Here’s my ten-word review of Joshua Bloch’s Effective Java: If You Write Java, You Need To Read This Book.
I wanted to say that up front, because I’m about to talk at great length about one of its shortcomings, which would give the impression, purely by wordcount, that I don’t think it’s a good book. This is just a reflection of how many more words it takes to explain a negative point than a positive one. The book is irrefutably useful and you should read it (if you write Java).
To give the issue a bit of context, here’s a fact that I was only dimly aware of before doing some mid-reading research:
If you get the security settings right, the Java Virtual Machine guarantees access control.
If you declare a field private, and you’re running a trusted JVM, and the security manager is set to disallow JNI and changing accessibility through reflection and a handful of other things, then you can run untrusted third-party code in the same process and even pass those objects to the untrusted code and it will never be able to get at the private field.
This is such a big deal that I don’t understand why it isn’t a bigger deal. It’d be impossible to make this kind of claim in a natively compiled language, because you can always pointer-arithmetic your way to the private data. Python makes only the vaguest of gestures in the direction of information hiding, and certainly doesn’t guarantee it. Maybe C# and the rest of the .NET family make some guarantees, I’m not sure (although whether you’d trust Microsoft to get the security right is a different story (but then, the same question should be asked of Sun Oracle)).

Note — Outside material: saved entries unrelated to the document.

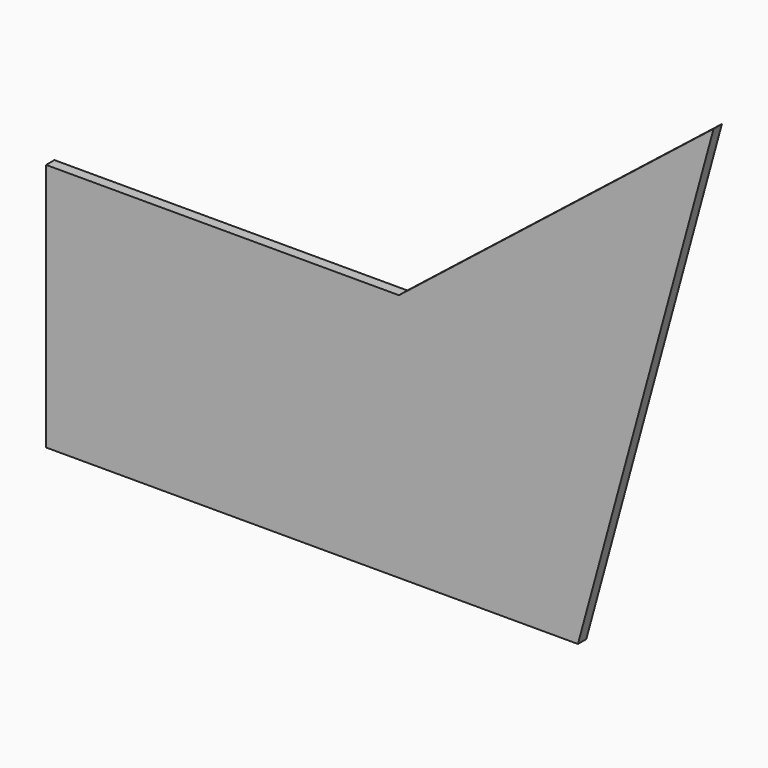
from build123d import *

# Parameters (mm, degrees)
F1_DEPTH = 2.38125


# Not quite as in the source:
# - a feature names something its author has since deleted; it is built from what else it names


with BuildPart() as f1:
    # F0 (on Front) → F1 (new body, symmetric)
    with BuildSketch(Plane.XZ):
        Polygon((-61.9342923164, 0), (0, 227.2394244377), (-143.6603479939, 113.6213351093), (-304.8, 113.6213351093), (-304.8, 0), align=None)
    extrude(amount=F1_DEPTH, both=True)


solid = f1.part
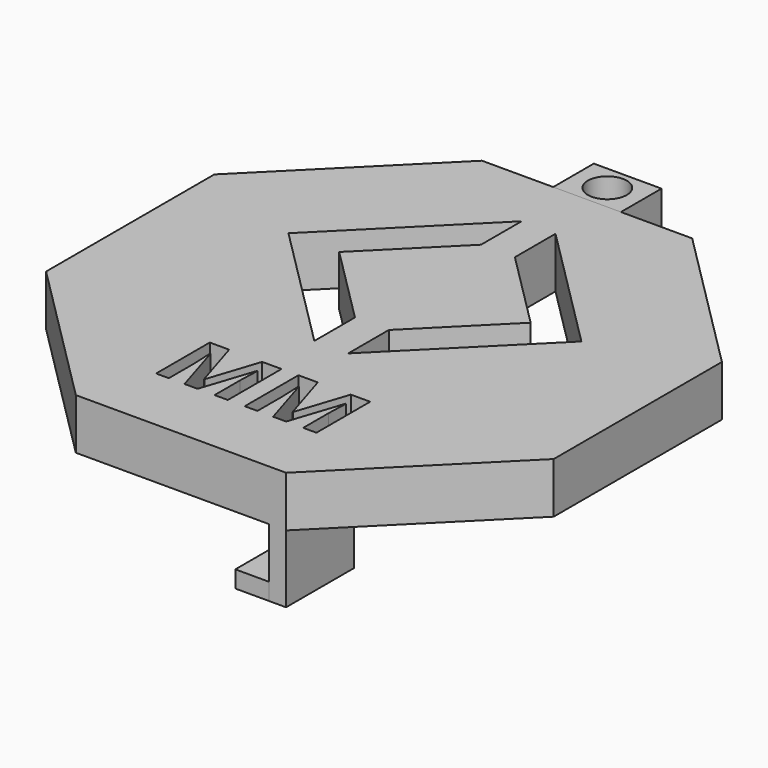
from build123d import *

# Parameters (mm, degrees)
F1_DEPTH     = 3
F2_TEXT_SIZE = 5.5555555556
F3_DEPTH     = 3.001
F4_W         = 1
F4_H         = 5
F5_DEPTH     = 4
F6_W         = 5
F6_H         = 1
F7_DEPTH     = 2
F8_W         = 4
F8_H         = 3
F9_DEPTH     = 3
F10_R        = 1.15
F11_DEPTH    = 3.0010001


# Not quite as in the source:
# - Text() gives the source's letters only with a copy of the font that has no kerning and outlines rounded to 1/6400 em; it was checked with that copy


with BuildPart() as f1:
    # F0 (on Top) → F1 (new body)
    with BuildSketch(Plane.XY):
        Polygon((15, -6.2132034356), (15, 6.2132034356), (6.2132034356, 15), (-6.2132034356, 15), (-15, 6.2132034356), (-15, -6.2132034356), (-6.2132034356, -15), (6.2132034356, -15), align=None)
    extrude(amount=F1_DEPTH)

    # F2 (on face) → F3 (cut, through all)
    with BuildSketch(Plane.XY.offset(3)):
        Polygon((1, 8.418436326), (5.6568542495, 3.7615820765), (1, -0.8952721729), (1, -3.8952721729), (8.6568542495, 3.7615820765), (1, 11.418436326), align=None)
        Polygon((-1, -0.8952721729), (-5.6568542495, 3.7615820765), (-1, 8.418436326), (-1, 11.418436326), (-8.6568542495, 3.7615820765), (-1, -3.8952721729), align=None)
        with Locations((-5.1684027778, -11)):
            Text('MM', F2_TEXT_SIZE, font='Open Sans', font_style=FontStyle.BOLD, text_align=(TextAlign.LEFT, TextAlign.BOTTOM))
    extrude(amount=-F3_DEPTH, mode=Mode.SUBTRACT)

    # F4 (on face) → F5 (join)
    with BuildSketch(Plane(origin=(0, 0, 0), x_dir=(1, 0, 0), z_dir=(0, 0, -1))):
        with Locations((5.7132034356, 12.5)):
            Rectangle(F4_W, F4_H)
    extrude(amount=F5_DEPTH)


with BuildPart() as f7:
    # F6 (on face) → F7 (new body)
    with BuildSketch(Plane(origin=(5.2132034356, 0, 0), x_dir=(0, -1, 0), z_dir=(-1, 0, 0))):
        with Locations((12.5, -3.5)):
            Rectangle(F6_W, F6_H)
    extrude(amount=F7_DEPTH)


with BuildPart() as f9:
    # F8 (on face) → F9 (new body)
    with BuildSketch(Plane(origin=(0, 15, 0), x_dir=(-1, 0, 0), z_dir=(0, 1, 0))):
        with Locations((0, 1.5)):
            Rectangle(F8_W, F8_H)
    extrude(amount=F9_DEPTH)

    # F10 (on face) → F11 (cut, through all)
    with BuildSketch(Plane(origin=(0, 0, 0), x_dir=(1, 0, 0), z_dir=(0, 0, -1))):
        with Locations((0, -16.5)):
            Circle(F10_R)
    extrude(amount=-F11_DEPTH, mode=Mode.SUBTRACT)


solid = Compound([f1.part, f7.part, f9.part])
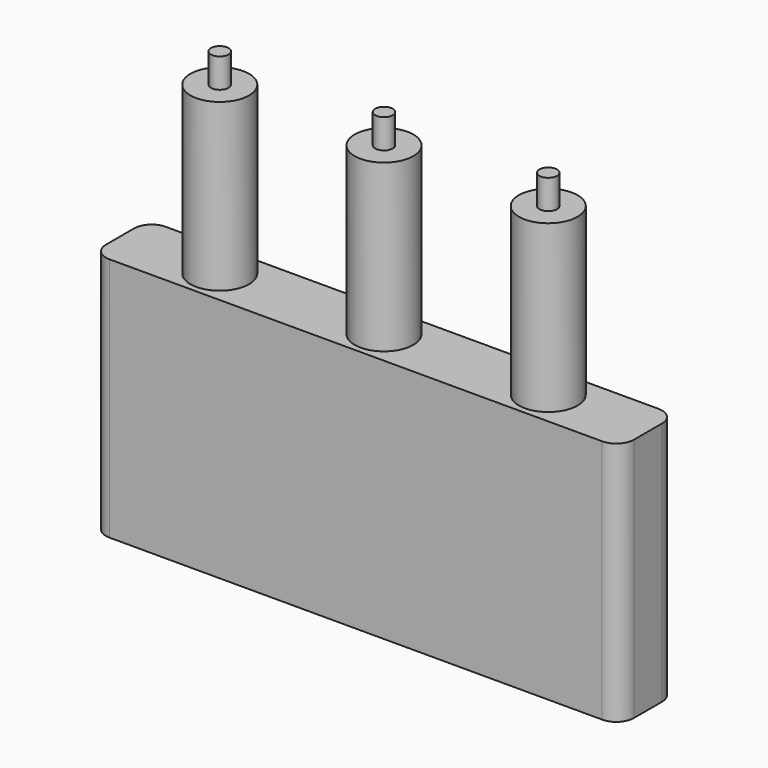
from build123d import *

# Parameters (mm, degrees)
F0_W     = 90
F0_H     = 41.77
F1_DEPTH = 6
F3_DEPTH = 28.33
F4_R     = 3
F5_R     = 1.5
F6_DEPTH = 5


with BuildPart() as f1:
    # F0 (on Front) → F1 (new body, symmetric)
    with BuildSketch(Plane.XZ):
        Rectangle(F0_W, F0_H)
    extrude(amount=F1_DEPTH, both=True)

    # F2 (on face) → F3 (join)
    with BuildSketch(Plane.XY.offset(20.885)):
        with BuildLine():
            Line((-28, 0), (-23, 0))
            ThreePointArc((-23, 0), (-28, 5), (-33, 0))
            Line((-33, 0), (-28, 0))
        make_face()
        with BuildLine():
            ThreePointArc((-33, 0), (-28, -5), (-23, 0))
            Line((-23, 0), (-28, 0))
            Line((-28, 0), (-33, 0))
        make_face()
        with BuildLine():
            Line((-5, 0), (0, 0))
            Line((0, 0), (5, 0))
            ThreePointArc((5, 0), (0, 5), (-5, 0))
        make_face()
        with BuildLine():
            Line((5, 0), (0, 0))
            Line((0, 0), (-5, 0))
            ThreePointArc((-5, 0), (0, -5), (5, 0))
        make_face()
        with BuildLine():
            ThreePointArc((33, 0), (28, 5), (23, 0))
            ThreePointArc((23, 0), (28, -5), (33, 0))
        make_face()
    extrude(amount=F3_DEPTH)

    # F4
    f4_edges = [f1.edges().sort_by_distance(p)[0] for p in [
        (45, -6, 0),
        (45, 6, 0),
        (-45, -6, 0),
        (-45, 6, 0),
    ]]
    fillet(f4_edges, radius=F4_R)

    # F5 (on face) → F6 (join)
    with BuildSketch(Plane.XY.offset(49.215)):
        with Locations((-28, 0)):
            Circle(F5_R)
        Circle(F5_R)
        with Locations((28, 0)):
            Circle(F5_R)
    extrude(amount=F6_DEPTH)


solid = f1.part
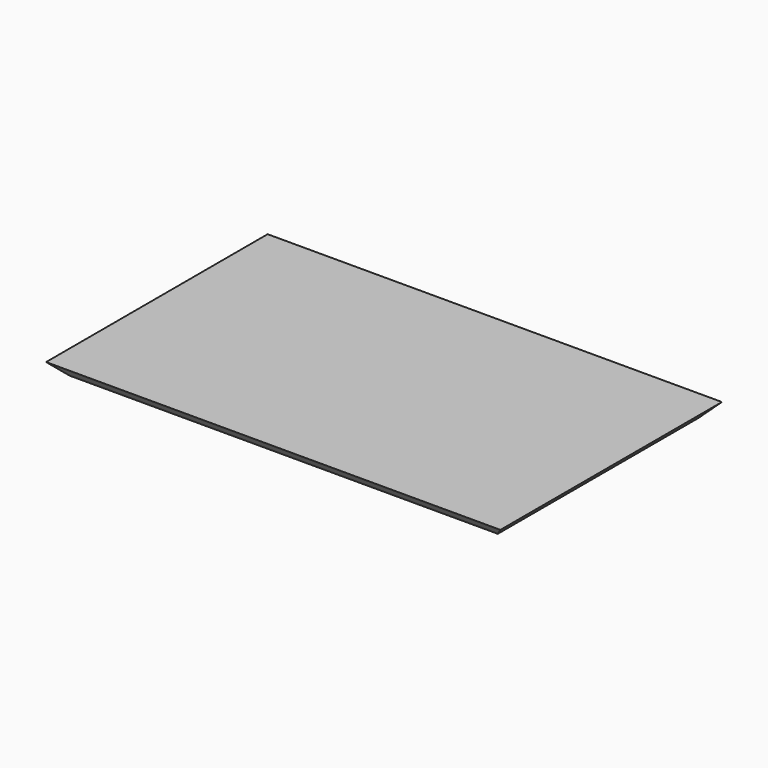
from build123d import *

# Parameters (mm, degrees)
F1_DEPTH = 406.4
F2_SIZE  = 19.04999
F3_SIZE  = 19.04999


# Not quite as in the source:
# - a fillet or chamfer is up to 0.001 mm smaller than in the source, because OpenCascade refuses the exact size


with BuildPart() as f1:
    # F0 (on Front) → F1 (new body)
    with BuildSketch(Plane.XZ):
        Polygon((333.375, 9.525), (-333.375, 9.525), (-314.325, -9.525), (314.325, -9.525), align=None)
    extrude(amount=-F1_DEPTH)

    # F2 (size 19.05 in the source; OpenCascade refuses exactly that, so slightly less here)
    f2_edges = [f1.edges().sort_by_distance(p)[0] for p in [
        (0, 406.4, -9.525),
    ]]
    chamfer(f2_edges, length=F2_SIZE)

    # F3 (size 19.05 in the source; OpenCascade refuses exactly that, so slightly less here)
    f3_edges = [f1.edges().sort_by_distance(p)[0] for p in [
        (0, 0, -9.525),
    ]]
    chamfer(f3_edges, length=F3_SIZE)


solid = f1.part
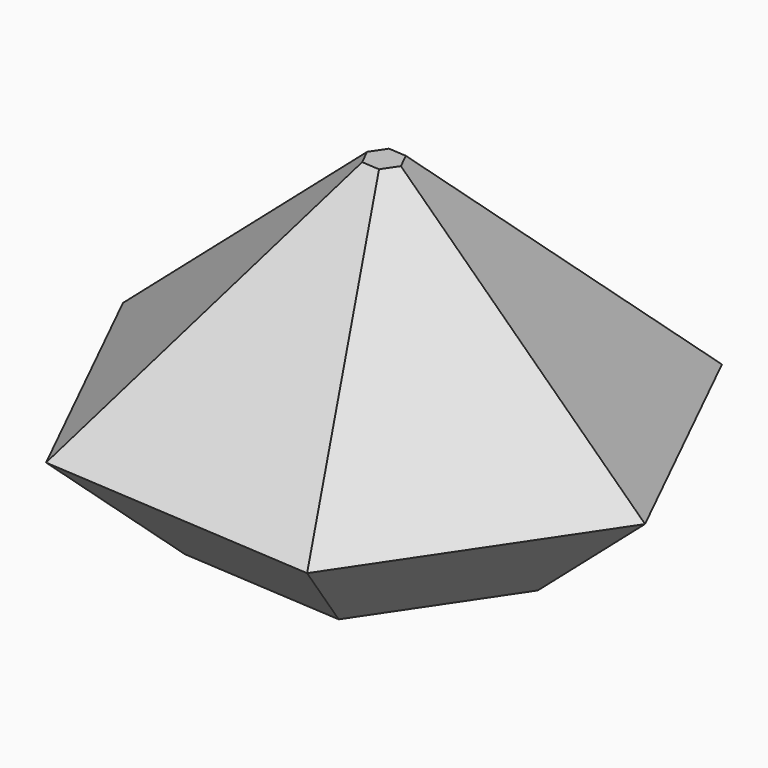
from build123d import *

# Parameters (mm, degrees)
F1_DEPTH     = 38.1
F2_SIZE      = 22.86
F3_W         = 104.742500931
F3_H         = 73.319750838
F4_DEPTH     = 38.1
F5_T1_DEPTH  = 93.1636902777
F5_T3_DEPTH  = 93.1636902777
F5_T5_DEPTH  = 93.1636902777
F5_T7_DEPTH  = 93.1636902777
F5_T9_DEPTH  = 93.1636902777
F5_T11_DEPTH = 93.1636902777


# Not quite as in the source:
# - a fillet or chamfer that OpenCascade refuses, or shapes differently, is made with other operations: its cross-section is extruded or revolved along the edge and cut away or added


with BuildPart() as f1:
    # F0 (on Top) → F1 (new body, symmetric)
    with BuildSketch(Plane.XY):
        Polygon((15.5198623998, 23.1162996964), (-12.2593715787, 24.9987449497), (-27.7792339785, 1.8824452533), (-15.5198623998, -23.1162996964), (12.2593715787, -24.9987449497), (27.7792339785, -1.8824452533), align=None)
    extrude(amount=F1_DEPTH, both=True)

    # F2
    f2_edges = [f1.edges().sort_by_distance(p)[0] for p in [
        (21.649548, 10.616927, 38.1),
        (1.630245, 24.057522, 38.1),
        (-20.019303, 13.440595, 38.1),
        (-21.649548, -10.616927, 38.1),
        (-1.630245, -24.057522, 38.1),
        (20.019303, -13.440595, 38.1),
    ]]
    chamfer(f2_edges, length=F2_SIZE)

    # F3 (on Right) → F4 (cut, symmetric)
    with BuildSketch(Plane.YZ):
        with Locations((-5.571493879, -24.6362821199)):
            Rectangle(F3_W, F3_H)
    extrude(amount=F4_DEPTH, both=True, mode=Mode.SUBTRACT)

    # F5: chamfer of 12.7 on 6 edges, made by hand

    # F5_s2 → F5_t1 (cut)
    with BuildSketch(Plane(origin=(-20.5101939484, 41.8234412828, 0), x_dir=(0, 0, 1), z_dir=(0.4403044553, -0.8978485322, 0))):
        Polygon((24.7235932991, -24.1126954201), (12.0235932991, -11.4126954201), (12.0235932991, -24.1126954201), align=None)
    extrude(amount=F5_T1_DEPTH, mode=Mode.SUBTRACT)

    # F5_s4 → F5_t3 (cut)
    with BuildSketch(Plane(origin=(25.9650656504, 38.6740696373, 0), x_dir=(0, 0, 1), z_dir=(-0.55740741, -0.8302391097, 0))):
        Polygon((12.0235932991, -11.4126954201), (24.7235932991, -24.1126954201), (12.0235932991, -24.1126954201), align=None)
    extrude(amount=F5_T3_DEPTH, mode=Mode.SUBTRACT)

    # F5_s6 → F5_t5 (cut)
    with BuildSketch(Plane(origin=(46.4752595988, -3.1493716455, 0), x_dir=(0, 0, 1), z_dir=(-0.9977118652, 0.0676094224, 0))):
        Polygon((12.0235932991, -11.4126954201), (24.7235932991, -24.1126954201), (12.0235932991, -24.1126954201), align=None)
    extrude(amount=F5_T5_DEPTH, mode=Mode.SUBTRACT)

    # F5_s8 → F5_t7 (cut)
    with BuildSketch(Plane(origin=(20.5101939484, -41.8234412828, 0), x_dir=(0, 0, 1), z_dir=(-0.4403044553, 0.8978485322, 0))):
        Polygon((12.0235932991, -11.4126954201), (24.7235932991, -24.1126954201), (12.0235932991, -24.1126954201), align=None)
    extrude(amount=F5_T7_DEPTH, mode=Mode.SUBTRACT)

    # F5_s10 → F5_t9 (cut)
    with BuildSketch(Plane(origin=(-25.9650656504, -38.6740696373, 0), x_dir=(0, 0, 1), z_dir=(0.55740741, 0.8302391097, 0))):
        Polygon((12.0235932991, -11.4126954201), (24.7235932991, -24.1126954201), (12.0235932991, -24.1126954201), align=None)
    extrude(amount=F5_T9_DEPTH, mode=Mode.SUBTRACT)

    # F5_s12 → F5_t11 (cut)
    with BuildSketch(Plane(origin=(-46.4752595988, 3.1493716455, 0), x_dir=(0, 0, 1), z_dir=(0.9977118652, -0.0676094224, 0))):
        Polygon((12.0235932991, -11.4126954201), (24.7235932991, -24.1126954201), (12.0235932991, -24.1126954201), align=None)
    extrude(amount=F5_T11_DEPTH, mode=Mode.SUBTRACT)


solid = f1.part

Here’s the issue though. This means that access control in Java actually has two different (although overlapping) purposes: encapsulation, and security. And they’re not the same thing.
Encapsulation is about reducing the complexity and increasing the abstraction of classes by hiding their implementation. Security is about stopping people from seeing or changing data that they shouldn’t be able to. Security is for protecting users from malicious programmers; encapsulation is for protecting programmers from themselves.
Security at this level isn’t always possible. If you’re writing a library for other people to use in a JVM that they control, you can’t expect to hide anything from them – they can turn the security manager way down, or change your bytecode, or run a modified JVM. (At university we had an assignment that involved black-box testing of algorithms that we were given as obfuscated JARs. I worked out that you could peek at some of the internals by rebuilding the Java standard libraries with String declared non-final, and passing in a subclass with some instrumentation added. And no, I didn’t actually do it.)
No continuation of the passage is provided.